Single Buyers Are Growing

The profile of first-time homebuyers in the U.S. is changing, according to researchers at the Joint Center for Housing Studies at Harvard University. In a paper titled “The Shifting Profile of First-Time Homebuyers: 1997-2017,” researchers found that in the past 20 years, there has been a significant shift from married households to never-married households among first-time homebuyers. To examine trends in this group of homebuyers, researchers used the 1997-2017 American Housing Surveys. The 2017 AHS suggests that first-time homebuyers purchased approximately 1.8 million housing units in 2016, making up approximately 1.5% of U.S. households that year.

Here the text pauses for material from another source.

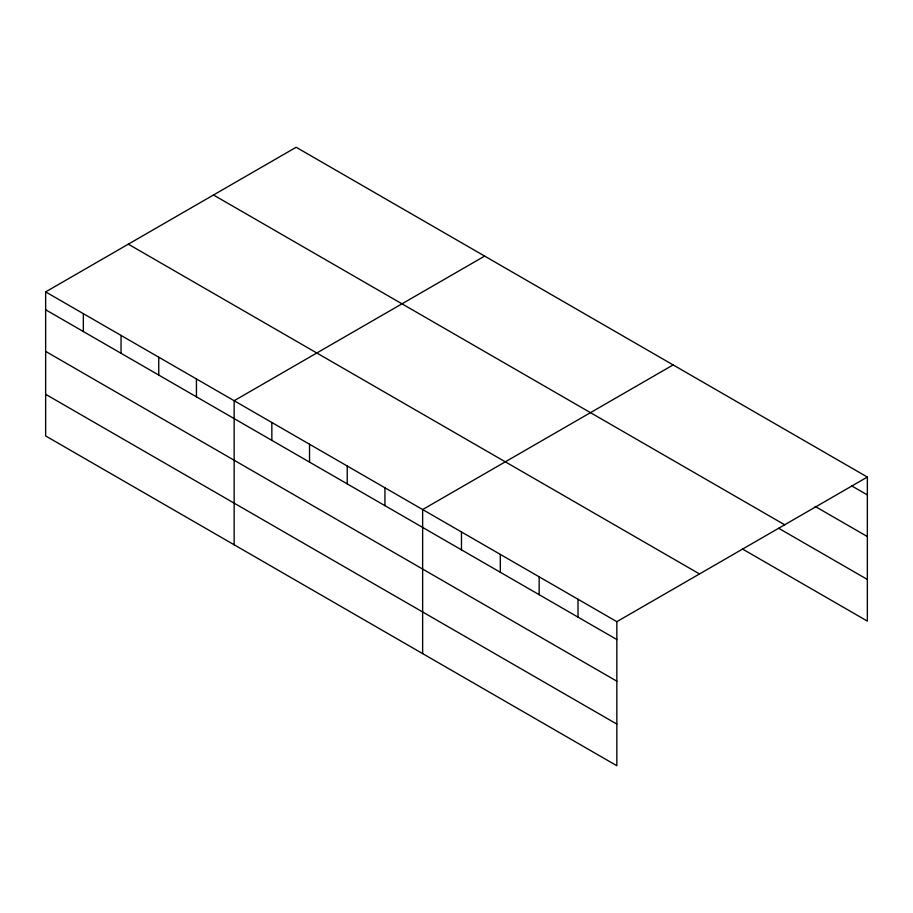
<?xml version="1.0" encoding="UTF-8"?>
<svg xmlns="http://www.w3.org/2000/svg" width="913" height="913" viewBox="0 0 913 913"><rect width="100%" height="100%" fill="white"/><g stroke="black" fill="none" stroke-linecap="round" stroke-linejoin="round"><path stroke-width="1.37" d="M616.846 681.189L616.846 621.673L45.65 291.898L45.65 435.946L616.846 765.733L616.846 681.189L45.65 351.402M742.326 548.918L867.35 621.102L867.35 477.054L296.154 147.267L45.65 291.898M484.643 256.097L234.15 400.727L234.15 544.776M673.143 364.926L422.639 509.557L422.639 653.605M616.846 621.673L867.35 477.054M851.567 485.807L867.35 494.914M815.161 506.43L867.35 536.559M213.482 194.994L784.689 524.781M778.743 528.307L867.35 579.458M128.311 244.17L699.518 573.946M45.65 309.769L616.846 639.545M45.65 394.313L616.846 724.089M578.009 599.248L578.009 617.12M539.161 576.822L539.161 594.694M500.324 554.396L500.324 572.268M461.476 531.982L461.476 549.843M384.944 487.782L384.944 505.654M347.237 466.018L347.237 483.89M309.541 444.254L309.541 462.126M271.846 422.491L271.846 440.363M196.443 378.963L196.443 396.824M158.748 357.2L158.748 375.06M121.052 335.425L121.052 353.297M83.345 313.661L83.345 331.533"/></g></svg>

“While discussions of first-time home buying often tie homeownership entry to life-stage changes like marriage and the birth of a first child, a growing share of first-time homebuyers do not fit this profile,” the paper stated. According to AHS, 35% of first-time homebuyers in 2017 had never been married, compared to 23% twenty years prior. Married homebuyers made up 61% of the first-time homebuyers in 1997 and declined to 46% in 2013. But, that percentage increased over the next three years, hitting 52% in 2017. Surprisingly, the average age of first-time homebuyers hasn’t changed very much in 20 years. In 2017, the mean age for first-time homebuyers was 34, compared to 32 in 1997. The group hit its youngest average in 2009, with the average first-time homebuyer was only 30 years old.